Perfect for: Most dogs, especially those who need extra protection
Flea Shampoo for Dogs
If you can’t get your hands on an oral treatment to kill off fleas, then giving your pup a bath with a flea shampoo for dogs can bring about the fast relief they need before you start your preventative treatment. While these shampoos are specially formulated to kill fleas and ticks, they can also wash away flea dirt (AKA flea poop), which can cause allergies. If you’re worried about ingredients, then try this gentle flea shampoo by Richard’s Organics, which contains natural oils from peppermint, cloves and other plants.
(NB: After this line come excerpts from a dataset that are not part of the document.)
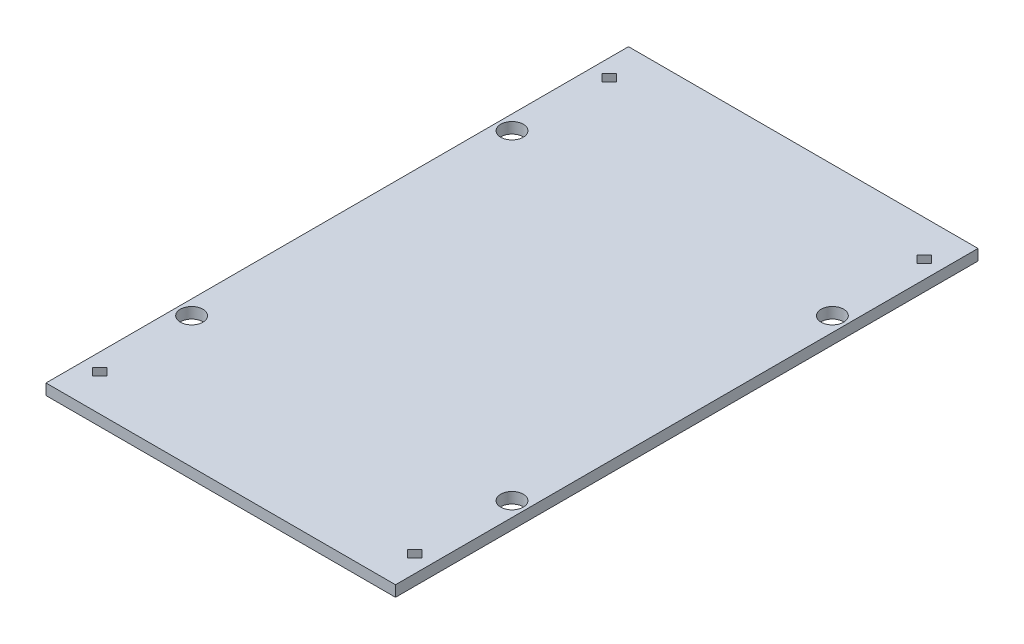
ISO-10303-21;
HEADER;
FILE_DESCRIPTION(('STEP AP214'),'2;1');
FILE_NAME('part.step','',(''),(''),'','','');
FILE_SCHEMA(('AUTOMOTIVE_DESIGN { 1 0 10303 214 1 1 1 1 }'));
ENDSEC;
DATA;
#1=APPLICATION_CONTEXT('core data for automotive mechanical design processes');
#2=APPLICATION_PROTOCOL_DEFINITION('international standard','automotive_design',2000,#1);
#3=PRODUCT_CONTEXT('',#1,'mechanical');
#4=PRODUCT('Part','Part','',(#3));
#5=PRODUCT_RELATED_PRODUCT_CATEGORY('part','',(#4));
#6=PRODUCT_DEFINITION_FORMATION('','',#4);
#7=PRODUCT_DEFINITION_CONTEXT('part definition',#1,'design');
#8=PRODUCT_DEFINITION('design','',#6,#7);
#9=PRODUCT_DEFINITION_SHAPE('','',#8);
#10=(LENGTH_UNIT() NAMED_UNIT(*) SI_UNIT(.MILLI.,.METRE.));
#11=(NAMED_UNIT(*) PLANE_ANGLE_UNIT() SI_UNIT($,.RADIAN.));
#12=(NAMED_UNIT(*) SI_UNIT($,.STERADIAN.) SOLID_ANGLE_UNIT());
#13=UNCERTAINTY_MEASURE_WITH_UNIT(LENGTH_MEASURE(1.E-05),#10,'distance_accuracy_value','');
#14=(GEOMETRIC_REPRESENTATION_CONTEXT(3) GLOBAL_UNCERTAINTY_ASSIGNED_CONTEXT((#13)) GLOBAL_UNIT_ASSIGNED_CONTEXT((#10,
#11,#12)) REPRESENTATION_CONTEXT('',''));
#15=CARTESIAN_POINT('',(0.,0.,0.));
#16=DIRECTION('',(0.,0.,1.));
#17=DIRECTION('',(1.,0.,0.));
#18=AXIS2_PLACEMENT_3D('',#15,#16,#17);
#19=CARTESIAN_POINT('',(0.,1.5,0.));
#20=DIRECTION('',(0.,1.,0.));
#21=DIRECTION('',(0.,0.,1.));
#22=AXIS2_PLACEMENT_3D('',#19,#20,#21);
#23=PLANE('',#22);
#24=CARTESIAN_POINT('',(22.,1.5,22.));
#25=DIRECTION('',(0.,1.,0.));
#26=DIRECTION('',(0.,0.,1.));
#27=AXIS2_PLACEMENT_3D('',#24,#25,#26);
#28=CIRCLE('',#27,1.55);
#29=CARTESIAN_POINT('',(22.,1.5,23.55));
#30=VERTEX_POINT('',#29);
#31=EDGE_CURVE('E590',#30,#30,#28,.T.);
#32=ORIENTED_EDGE('',*,*,#31,.F.);
#33=EDGE_LOOP('',(#32));
#34=FACE_BOUND('',#33,.T.);
#35=CARTESIAN_POINT('',(-22.,1.5,-22.));
#36=DIRECTION('',(0.,1.,0.));
#37=DIRECTION('',(0.,0.,1.));
#38=AXIS2_PLACEMENT_3D('',#35,#36,#37);
#39=CIRCLE('',#38,1.55);
#40=CARTESIAN_POINT('',(-22.,1.5,-20.45));
#41=VERTEX_POINT('',#40);
#42=EDGE_CURVE('E207',#41,#41,#39,.T.);
#43=ORIENTED_EDGE('',*,*,#42,.F.);
#44=EDGE_LOOP('',(#43));
#45=FACE_BOUND('',#44,.T.);
#46=DIRECTION('',(0.,0.,-1.));
#47=VECTOR('',#46,1.);
#48=CARTESIAN_POINT('',(24.,1.5,-40.));
#49=LINE('',#48,#47);
#50=CARTESIAN_POINT('',(24.,1.5,40.));
#51=VERTEX_POINT('',#50);
#52=CARTESIAN_POINT('',(24.,1.5,-40.));
#53=VERTEX_POINT('',#52);
#54=EDGE_CURVE('E310',#51,#53,#49,.T.);
#55=ORIENTED_EDGE('',*,*,#54,.T.);
#56=DIRECTION('',(-1.,0.,0.));
#57=VECTOR('',#56,1.);
#58=CARTESIAN_POINT('',(-24.,1.5,-40.));
#59=LINE('',#58,#57);
#60=CARTESIAN_POINT('',(-24.,1.5,-40.));
#61=VERTEX_POINT('',#60);
#62=EDGE_CURVE('E313',#53,#61,#59,.T.);
#63=ORIENTED_EDGE('',*,*,#62,.T.);
#64=DIRECTION('',(0.,0.,1.));
#65=VECTOR('',#64,1.);
#66=CARTESIAN_POINT('',(-24.,1.5,-40.));
#67=LINE('',#66,#65);
#68=CARTESIAN_POINT('',(-24.,1.5,40.));
#69=VERTEX_POINT('',#68);
#70=EDGE_CURVE('E316',#61,#69,#67,.T.);
#71=ORIENTED_EDGE('',*,*,#70,.T.);
#72=DIRECTION('',(1.,0.,0.));
#73=VECTOR('',#72,1.);
#74=CARTESIAN_POINT('',(-24.,1.5,40.));
#75=LINE('',#74,#73);
#76=EDGE_CURVE('E318',#69,#51,#75,.T.);
#77=ORIENTED_EDGE('',*,*,#76,.T.);
#78=EDGE_LOOP('',(#55,#63,#71,#77));
#79=FACE_BOUND('',#78,.T.);
#80=DIRECTION('',(-0.707106781186549,0.,0.707106781186546));
#81=VECTOR('',#80,1.);
#82=CARTESIAN_POINT('',(20.62,1.5,-35.));
#83=LINE('',#82,#81);
#84=CARTESIAN_POINT('',(21.62,1.5,-36.));
#85=VERTEX_POINT('',#84);
#86=CARTESIAN_POINT('',(20.62,1.5,-35.));
#87=VERTEX_POINT('',#86);
#88=EDGE_CURVE('E281',#85,#87,#83,.T.);
#89=ORIENTED_EDGE('',*,*,#88,.F.);
#90=DIRECTION('',(-0.707106781186549,0.,-0.707106781186546));
#91=VECTOR('',#90,1.);
#92=CARTESIAN_POINT('',(21.62,1.5,-36.));
#93=LINE('',#92,#91);
#94=CARTESIAN_POINT('',(22.62,1.5,-35.));
#95=VERTEX_POINT('',#94);
#96=EDGE_CURVE('E279',#95,#85,#93,.T.);
#97=ORIENTED_EDGE('',*,*,#96,.F.);
#98=DIRECTION('',(0.707106781186549,0.,-0.707106781186546));
#99=VECTOR('',#98,1.);
#100=CARTESIAN_POINT('',(22.62,1.5,-35.));
#101=LINE('',#100,#99);
#102=CARTESIAN_POINT('',(21.62,1.5,-34.));
#103=VERTEX_POINT('',#102);
#104=EDGE_CURVE('E287',#103,#95,#101,.T.);
#105=ORIENTED_EDGE('',*,*,#104,.F.);
#106=DIRECTION('',(0.707106781186549,0.,0.707106781186546));
#107=VECTOR('',#106,1.);
#108=CARTESIAN_POINT('',(21.62,1.5,-34.));
#109=LINE('',#108,#107);
#110=EDGE_CURVE('E284',#87,#103,#109,.T.);
#111=ORIENTED_EDGE('',*,*,#110,.F.);
#112=EDGE_LOOP('',(#89,#97,#105,#111));
#113=FACE_BOUND('',#112,.T.);
#114=DIRECTION('',(0.707106781186549,0.,-0.707106781186546));
#115=VECTOR('',#114,1.);
#116=CARTESIAN_POINT('',(-21.62,1.5,-34.));
#117=LINE('',#116,#115);
#118=CARTESIAN_POINT('',(-21.62,1.5,-34.));
#119=VERTEX_POINT('',#118);
#120=CARTESIAN_POINT('',(-20.62,1.5,-35.));
#121=VERTEX_POINT('',#120);
#122=EDGE_CURVE('E250',#119,#121,#117,.T.);
#123=ORIENTED_EDGE('',*,*,#122,.F.);
#124=DIRECTION('',(0.707106781186549,0.,0.707106781186546));
#125=VECTOR('',#124,1.);
#126=CARTESIAN_POINT('',(-22.62,1.5,-35.));
#127=LINE('',#126,#125);
#128=CARTESIAN_POINT('',(-22.62,1.5,-35.));
#129=VERTEX_POINT('',#128);
#130=EDGE_CURVE('E248',#129,#119,#127,.T.);
#131=ORIENTED_EDGE('',*,*,#130,.F.);
#132=DIRECTION('',(-0.707106781186549,0.,0.707106781186546));
#133=VECTOR('',#132,1.);
#134=CARTESIAN_POINT('',(-21.62,1.5,-36.));
#135=LINE('',#134,#133);
#136=CARTESIAN_POINT('',(-21.62,1.5,-36.));
#137=VERTEX_POINT('',#136);
#138=EDGE_CURVE('E256',#137,#129,#135,.T.);
#139=ORIENTED_EDGE('',*,*,#138,.F.);
#140=DIRECTION('',(-0.707106781186549,0.,-0.707106781186546));
#141=VECTOR('',#140,1.);
#142=CARTESIAN_POINT('',(-20.62,1.5,-35.));
#143=LINE('',#142,#141);
#144=EDGE_CURVE('E253',#121,#137,#143,.T.);
#145=ORIENTED_EDGE('',*,*,#144,.F.);
#146=EDGE_LOOP('',(#123,#131,#139,#145));
#147=FACE_BOUND('',#146,.T.);
#148=DIRECTION('',(0.707106781186549,0.,-0.707106781186546));
#149=VECTOR('',#148,1.);
#150=CARTESIAN_POINT('',(21.62,1.5,36.));
#151=LINE('',#150,#149);
#152=CARTESIAN_POINT('',(21.62,1.5,36.));
#153=VERTEX_POINT('',#152);
#154=CARTESIAN_POINT('',(22.62,1.5,35.));
#155=VERTEX_POINT('',#154);
#156=EDGE_CURVE('E219',#153,#155,#151,.T.);
#157=ORIENTED_EDGE('',*,*,#156,.F.);
#158=DIRECTION('',(0.707106781186549,0.,0.707106781186546));
#159=VECTOR('',#158,1.);
#160=CARTESIAN_POINT('',(20.62,1.5,35.));
#161=LINE('',#160,#159);
#162=CARTESIAN_POINT('',(20.62,1.5,35.));
#163=VERTEX_POINT('',#162);
#164=EDGE_CURVE('E217',#163,#153,#161,.T.);
#165=ORIENTED_EDGE('',*,*,#164,.F.);
#166=DIRECTION('',(-0.707106781186549,0.,0.707106781186546));
#167=VECTOR('',#166,1.);
#168=CARTESIAN_POINT('',(21.62,1.5,34.));
#169=LINE('',#168,#167);
#170=CARTESIAN_POINT('',(21.62,1.5,34.));
#171=VERTEX_POINT('',#170);
#172=EDGE_CURVE('E225',#171,#163,#169,.T.);
#173=ORIENTED_EDGE('',*,*,#172,.F.);
#174=DIRECTION('',(-0.707106781186549,0.,-0.707106781186546));
#175=VECTOR('',#174,1.);
#176=CARTESIAN_POINT('',(22.62,1.5,35.));
#177=LINE('',#176,#175);
#178=EDGE_CURVE('E222',#155,#171,#177,.T.);
#179=ORIENTED_EDGE('',*,*,#178,.F.);
#180=EDGE_LOOP('',(#157,#165,#173,#179));
#181=FACE_BOUND('',#180,.T.);
#182=DIRECTION('',(0.707106781186549,0.,-0.707106781186546));
#183=VECTOR('',#182,1.);
#184=CARTESIAN_POINT('',(-20.62,1.5,35.));
#185=LINE('',#184,#183);
#186=CARTESIAN_POINT('',(-21.62,1.5,36.));
#187=VERTEX_POINT('',#186);
#188=CARTESIAN_POINT('',(-20.62,1.5,35.));
#189=VERTEX_POINT('',#188);
#190=EDGE_CURVE('E186',#187,#189,#185,.T.);
#191=ORIENTED_EDGE('',*,*,#190,.F.);
#192=DIRECTION('',(0.707106781186549,0.,0.707106781186546));
#193=VECTOR('',#192,1.);
#194=CARTESIAN_POINT('',(-21.62,1.5,36.));
#195=LINE('',#194,#193);
#196=CARTESIAN_POINT('',(-22.62,1.5,35.));
#197=VERTEX_POINT('',#196);
#198=EDGE_CURVE('E178',#197,#187,#195,.T.);
#199=ORIENTED_EDGE('',*,*,#198,.F.);
#200=DIRECTION('',(-0.707106781186549,0.,0.707106781186546));
#201=VECTOR('',#200,1.);
#202=CARTESIAN_POINT('',(-22.62,1.5,35.));
#203=LINE('',#202,#201);
#204=CARTESIAN_POINT('',(-21.62,1.5,34.));
#205=VERTEX_POINT('',#204);
#206=EDGE_CURVE('E201',#205,#197,#203,.T.);
#207=ORIENTED_EDGE('',*,*,#206,.F.);
#208=DIRECTION('',(-0.707106781186549,0.,-0.707106781186546));
#209=VECTOR('',#208,1.);
#210=CARTESIAN_POINT('',(-21.62,1.5,34.));
#211=LINE('',#210,#209);
#212=EDGE_CURVE('E199',#189,#205,#211,.T.);
#213=ORIENTED_EDGE('',*,*,#212,.F.);
#214=EDGE_LOOP('',(#191,#199,#207,#213));
#215=FACE_BOUND('',#214,.T.);
#216=CARTESIAN_POINT('',(22.,1.5,-22.));
#217=DIRECTION('',(0.,1.,0.));
#218=DIRECTION('',(0.,0.,-1.));
#219=AXIS2_PLACEMENT_3D('',#216,#217,#218);
#220=CIRCLE('',#219,1.55);
#221=CARTESIAN_POINT('',(22.,1.5,-23.55));
#222=VERTEX_POINT('',#221);
#223=EDGE_CURVE('E596',#222,#222,#220,.T.);
#224=ORIENTED_EDGE('',*,*,#223,.F.);
#225=EDGE_LOOP('',(#224));
#226=FACE_BOUND('',#225,.T.);
#227=CARTESIAN_POINT('',(-22.,1.5,22.));
#228=DIRECTION('',(0.,1.,0.));
#229=DIRECTION('',(0.,0.,-1.));
#230=AXIS2_PLACEMENT_3D('',#227,#228,#229);
#231=CIRCLE('',#230,1.55);
#232=CARTESIAN_POINT('',(-22.,1.5,20.45));
#233=VERTEX_POINT('',#232);
#234=EDGE_CURVE('E581',#233,#233,#231,.T.);
#235=ORIENTED_EDGE('',*,*,#234,.F.);
#236=EDGE_LOOP('',(#235));
#237=FACE_BOUND('',#236,.T.);
#238=ADVANCED_FACE('F41',(#34,#45,#79,#113,#147,#181,#215,#226,#237),#23,.T.);
#239=CARTESIAN_POINT('',(0.,0.,0.));
#240=DIRECTION('',(0.,1.,0.));
#241=DIRECTION('',(0.,0.,1.));
#242=AXIS2_PLACEMENT_3D('',#239,#240,#241);
#243=PLANE('',#242);
#244=DIRECTION('',(0.707106781186549,0.,0.707106781186546));
#245=VECTOR('',#244,1.);
#246=CARTESIAN_POINT('',(20.62,0.,35.));
#247=LINE('',#246,#245);
#248=CARTESIAN_POINT('',(20.62,0.,35.));
#249=VERTEX_POINT('',#248);
#250=CARTESIAN_POINT('',(21.62,0.,36.));
#251=VERTEX_POINT('',#250);
#252=EDGE_CURVE('E194',#249,#251,#247,.T.);
#253=ORIENTED_EDGE('',*,*,#252,.T.);
#254=DIRECTION('',(0.707106781186549,0.,-0.707106781186546));
#255=VECTOR('',#254,1.);
#256=CARTESIAN_POINT('',(21.62,0.,36.));
#257=LINE('',#256,#255);
#258=CARTESIAN_POINT('',(22.62,0.,35.));
#259=VERTEX_POINT('',#258);
#260=EDGE_CURVE('E230',#251,#259,#257,.T.);
#261=ORIENTED_EDGE('',*,*,#260,.T.);
#262=DIRECTION('',(-0.707106781186549,0.,-0.707106781186546));
#263=VECTOR('',#262,1.);
#264=CARTESIAN_POINT('',(22.62,0.,35.));
#265=LINE('',#264,#263);
#266=CARTESIAN_POINT('',(21.62,0.,34.));
#267=VERTEX_POINT('',#266);
#268=EDGE_CURVE('E233',#259,#267,#265,.T.);
#269=ORIENTED_EDGE('',*,*,#268,.T.);
#270=DIRECTION('',(-0.707106781186549,0.,0.707106781186546));
#271=VECTOR('',#270,1.);
#272=CARTESIAN_POINT('',(21.62,0.,34.));
#273=LINE('',#272,#271);
#274=EDGE_CURVE('E220',#267,#249,#273,.T.);
#275=ORIENTED_EDGE('',*,*,#274,.T.);
#276=EDGE_LOOP('',(#253,#261,#269,#275));
#277=FACE_BOUND('',#276,.T.);
#278=DIRECTION('',(-0.707106781186549,0.,-0.707106781186546));
#279=VECTOR('',#278,1.);
#280=CARTESIAN_POINT('',(21.62,0.,-36.));
#281=LINE('',#280,#279);
#282=CARTESIAN_POINT('',(22.62,0.,-35.));
#283=VERTEX_POINT('',#282);
#284=CARTESIAN_POINT('',(21.62,0.,-36.));
#285=VERTEX_POINT('',#284);
#286=EDGE_CURVE('E278',#283,#285,#281,.T.);
#287=ORIENTED_EDGE('',*,*,#286,.T.);
#288=DIRECTION('',(-0.707106781186549,0.,0.707106781186546));
#289=VECTOR('',#288,1.);
#290=CARTESIAN_POINT('',(20.62,0.,-35.));
#291=LINE('',#290,#289);
#292=CARTESIAN_POINT('',(20.62,0.,-35.));
#293=VERTEX_POINT('',#292);
#294=EDGE_CURVE('E292',#285,#293,#291,.T.);
#295=ORIENTED_EDGE('',*,*,#294,.T.);
#296=DIRECTION('',(0.707106781186549,0.,0.707106781186546));
#297=VECTOR('',#296,1.);
#298=CARTESIAN_POINT('',(21.62,0.,-34.));
#299=LINE('',#298,#297);
#300=CARTESIAN_POINT('',(21.62,0.,-34.));
#301=VERTEX_POINT('',#300);
#302=EDGE_CURVE('E295',#293,#301,#299,.T.);
#303=ORIENTED_EDGE('',*,*,#302,.T.);
#304=DIRECTION('',(0.707106781186549,0.,-0.707106781186546));
#305=VECTOR('',#304,1.);
#306=CARTESIAN_POINT('',(22.62,0.,-35.));
#307=LINE('',#306,#305);
#308=EDGE_CURVE('E282',#301,#283,#307,.T.);
#309=ORIENTED_EDGE('',*,*,#308,.T.);
#310=EDGE_LOOP('',(#287,#295,#303,#309));
#311=FACE_BOUND('',#310,.T.);
#312=DIRECTION('',(0.,0.,-1.));
#313=VECTOR('',#312,1.);
#314=CARTESIAN_POINT('',(24.,0.,-40.));
#315=LINE('',#314,#313);
#316=CARTESIAN_POINT('',(24.,0.,40.));
#317=VERTEX_POINT('',#316);
#318=CARTESIAN_POINT('',(24.,0.,-40.));
#319=VERTEX_POINT('',#318);
#320=EDGE_CURVE('E309',#317,#319,#315,.T.);
#321=ORIENTED_EDGE('',*,*,#320,.F.);
#322=DIRECTION('',(1.,0.,0.));
#323=VECTOR('',#322,1.);
#324=CARTESIAN_POINT('',(-24.,0.,40.));
#325=LINE('',#324,#323);
#326=CARTESIAN_POINT('',(-24.,0.,40.));
#327=VERTEX_POINT('',#326);
#328=EDGE_CURVE('E314',#327,#317,#325,.T.);
#329=ORIENTED_EDGE('',*,*,#328,.F.);
#330=DIRECTION('',(0.,0.,1.));
#331=VECTOR('',#330,1.);
#332=CARTESIAN_POINT('',(-24.,0.,-40.));
#333=LINE('',#332,#331);
#334=CARTESIAN_POINT('',(-24.,0.,-40.));
#335=VERTEX_POINT('',#334);
#336=EDGE_CURVE('E325',#335,#327,#333,.T.);
#337=ORIENTED_EDGE('',*,*,#336,.F.);
#338=DIRECTION('',(-1.,0.,0.));
#339=VECTOR('',#338,1.);
#340=CARTESIAN_POINT('',(-24.,0.,-40.));
#341=LINE('',#340,#339);
#342=EDGE_CURVE('E323',#319,#335,#341,.T.);
#343=ORIENTED_EDGE('',*,*,#342,.F.);
#344=EDGE_LOOP('',(#321,#329,#337,#343));
#345=FACE_BOUND('',#344,.T.);
#346=DIRECTION('',(0.707106781186549,0.,0.707106781186546));
#347=VECTOR('',#346,1.);
#348=CARTESIAN_POINT('',(-22.62,0.,-35.));
#349=LINE('',#348,#347);
#350=CARTESIAN_POINT('',(-22.62,0.,-35.));
#351=VERTEX_POINT('',#350);
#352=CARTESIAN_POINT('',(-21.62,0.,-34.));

Perfect for: Dogs who have a flea infestation
Flea Combs and Other Tools
After you’ve given your dog a bath or oral treatment, combing your pup with a specially designed flea comb like this one from Hartz can remove dead fleas and eggs. It’s also a great diagnostic tool, says Dr. Fox. “Sometimes it’s really hard to tell if animals have fleas, but if you comb them, you’ll catch a flea eventually.” They’re also good for puppies that are too young to get an oral or topical flea treatment. Other tools you might need are tweezers, for pulling out the ticks that have latched onto your dog. TickEase Tick Removal Tweezer Tool works on pups and humans alike!
Perfect for: Most dogs, especially really young ones
Home and Yard Prevention
Even if you’re scrupulous about keeping pests away from your pet, it’s always a good idea to practice good hygiene to prevent things from getting out of control in your environment, says Dr. Fox. “When you treat the animal, you also need to treat the environment.” So clean regularly: Vacuum carpets and wash your bedding as well your pet’s sleeping areas (and yes, that means the sofa and chairs). For an extra layer of protection, try spraying your home and yard with products that kill fleas to prevent reinfestation. Adams Plus Flea & Tick Yard Spray, for example, is formulated to kill and repel a number of pests in addition to fleas and ticks, including mosquitos, termites, ants and crickets. (Just remember these sprays are for your yard, and should not be sprayed on your pet unless clearly stated by the manufacturer.)
Perfect for: Just about all dog owners, who don’t want fleas or other pests inside their homes and yards
As you can see, there are lots of methods for preventing and treating fleas and ticks on dogs. Be sure you talk to your vet to make sure you pick the best method for your fur baby.